# Shimano Torium 20 - issue



## JFolm (Apr 22, 2012)

I tore down my reel and upgraded to carbontex drag washers, upgraded the pawl to a spring loaded one from a Trinidad, and cleaned and greased/oiled it up. 

After buttoning it up at a certain point of a revolution it feels like one of the gears is rubbing the side plate maybe. Everything looked good going back in so I'm confused. 

What did I overlook? I plan to tear it back down this evening.


----------



## Muddskipper (Dec 29, 2004)

As you can tell, they are fairly basic when you get in one.....a reset will help......but that drag washer is thicker than the OEM washer.....that can play havoc 

I can't recall if that spring pawl was a good or bad upgrade but that could cause a bind issue....

Last what drag grease did you use......Shimano or Cals?


----------



## Dan Thorburn (Dec 18, 2013)

It sounds like the aftermarket drag washers you used are too thick. The spring assisted pawl won't cause this issue.


----------



## JFolm (Apr 22, 2012)

Dan,

So how is everyone else using these washers without issues? 

M.S.
I am using Cal's grease.


----------



## [email protected] (Mar 7, 2008)

*smooth drag*



JFolm said:


> Dan,
> 
> So how is everyone else using these washers without issues?
> 
> ...


The correct washers that i sell from carbontex are not thicker than the originals.

Allan
seekfishing.com


----------



## JFolm (Apr 22, 2012)

Allan said:


> The correct washers that i sell from carbontex are not thicker than the originals.
> 
> Allan
> seekfishing.com


I bought mine from Smoothdrag.com.

Going to give them a call tomorrow I suppose.


----------



## Dan Thorburn (Dec 18, 2013)

I have seen a lot of variation with the aftermarket washers. Some are to spec, some too thin, others too thick. 

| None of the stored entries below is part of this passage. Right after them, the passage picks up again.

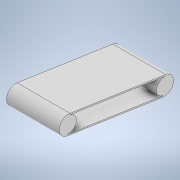
# Autodesk Inventor part: ShootingMech_Housing4
Saved by Autodesk Inventor 2020 (Build 240168000, 168)
## iProperties
Created: 2022-01-22
Part Number: ShootingMech_Housing4
Material: Generic
Document SubType Name: Modeling
Designer: danie
Density: 1 g/cm^3
Appearance: Default
Author: danie
Autodesk Inventor part; units mm, degrees
ref_plane "YZ Plane" through (0, 0, 0) normal (1, 0, 0) x (0, 1, 0)
ref_plane "XZ Plane" through (0, 0, 0) normal (0, 1, 0) x (-1, 0, 0)
ref_plane "XY Plane" through (0, 0, 0) normal (0, 0, 1) x (1, 0, 0)
sketch "Sketch1" plane through (0, 0, 0) normal (1, 0, 0) x (0, 1, 0)
  line L0 (17.213736, 115.179798) -> (-17.213736, -115.179798) construction
  line L1 (-1.627016, 117.995568) -> (-36.054488, -112.364029)
  line L2 (1.627016, -117.995568) -> (36.054488, 112.364029)
  arc A0 (36.054488, 112.364029) -> (-1.627016, 117.995568) centre (17.213736, 115.179798) ccw
  arc A1 (-36.054488, -112.364029) -> (1.627016, -117.995568) centre (-17.213736, -115.179798) ccw
  line L3 (0, 0) -> (232.918, 0) construction
  line L4 (39.194614, 111.894734) -> (4.767141, -118.464863)
  arc A2 (-39.194614, -111.894734) -> (4.767141, -118.464863) centre (-17.213736, -115.179798) ccw
  line L5 (-39.194614, -111.894734) -> (-4.767141, 118.464863)
  arc A3 (39.194614, 111.894734) -> (-4.767141, 118.464863) centre (17.213736, 115.179798) ccw
  dimension "d0" = 116.459
  dimension "d1" = 98.5
  dimension "d2" = 38.1
  dimension "d3" = 3.175
  constraints: 14 end point, 8 point on circle, 4 centre point, 4 tangent, 2 parallel, 1 equal length, 1 horizontal, 1 midpoint, 3 other
  measures "d0" distance of L3.start L0.end
  measures "d1" angle of L0 L3
  measures "d2" diameter of A1
  measures "d3" distance between parallel lines of L2 L4
extrude "Extrusion1" add sketch "Sketch1" along normal blind 127
sketch "Sketch2" plane through (127, 0, 0) normal (1, 0, 0) x (0, 0, -1)
  arc A0 (112.364029, -36.054488) -> (117.995568, 1.627016) centre (115.179798, -17.213736) ccw
  ellipse E0 centre (115.179798, -17.213736) end of major axis (117.995568, 1.627016) minor radius 19.05
  arc A1 (-111.894734, 39.194614) -> (-118.464863, -4.767141) centre (-115.179798, 17.213736) ccw
  arc A2 (-112.364029, 36.054488) -> (-117.995568, -1.627016) centre (-115.179798, 17.213736) ccw
  ellipse E1 centre (-115.179798, 17.213736) end of major axis (-112.364029, 36.054488) minor radius 19.05
  point P0 (0, 0)
  constraints: 2 coincident, 6 other
extrude "Extrusion2" add sketch "Sketch2" against normal blind 127
body "Solid1"

I never found the need to change out the stock Dartanium washers. They work fine when greased correctly. I have personal Trinidad reels with the original washers in them from 2000. They get fished hard every year here on the west coast.


----------



## JFolm (Apr 22, 2012)

Thanks Dan.

I wish I did not trash the originals already or I would put them back in. I called the company and they are sending me one thinner washer to replace one. If that doesn't work I will ask for a refund and go back to factory.


----------



## Dan Thorburn (Dec 18, 2013)

Let us know if that worked.


----------



## JFolm (Apr 22, 2012)

That didn't work. I am seeing now where the pinion gear has some damaged teeth. Going to order a new one along with some washers and those dang side plate screws and hopefully that will get it going.

Anything stand out? Going to get a dremel soon so I can start polishing parts.


----------



## sharkchum (Feb 10, 2012)

Are you sure you put the washers in right, the one with the large hole goes in the gear first. I have put carbontex washers from smooth drag in dozens of Torium's over the years and have never had a problem.


----------



## Dan Thorburn (Dec 18, 2013)

The holes in the center of the washers in your palm sure don't look too centered.


----------



## cpthook (Jan 16, 2008)

most likely this observation is not your problem but the reel looks to have excessive grease and or is dirty. I'd clean it up quite a bit.


----------



## cpthook (Jan 16, 2008)

side note, I have a Torium 20 and have caught a few tarpon casting with it, really a good solid reel.


----------



## JFolm (Apr 22, 2012)

cpthook said:


> most likely this observation is not your problem but the reel looks to have excessive grease and or is dirty. I'd clean it up quite a bit.


Surely you are taking about SC's reel with the grease, as I wiped the grease off of mine before I took the pic!
Last night after I posted I took a pick and cleaned every tooth on both gears and sure enough I found a small piece of brass in one of the teeth. That explained why it would have interference only on a certain position of a crank.

So I buttoned it up and is working fine now. My theory is the thicker washer interfered with them meshing correctly and caused damage. Then a piece of tooth got stuck in the gear. I plan to replace both.


----------



## txdukklr (Jun 30, 2013)

every carbontex i've bought and put on my reels was slighter thicker then the oem.

I just used them a bit and once the wear they're perfect. Couple of strong runs and perfect.


----------



## JFolm (Apr 22, 2012)

Used it this weekend and it worked great. Thanks for the help.


----------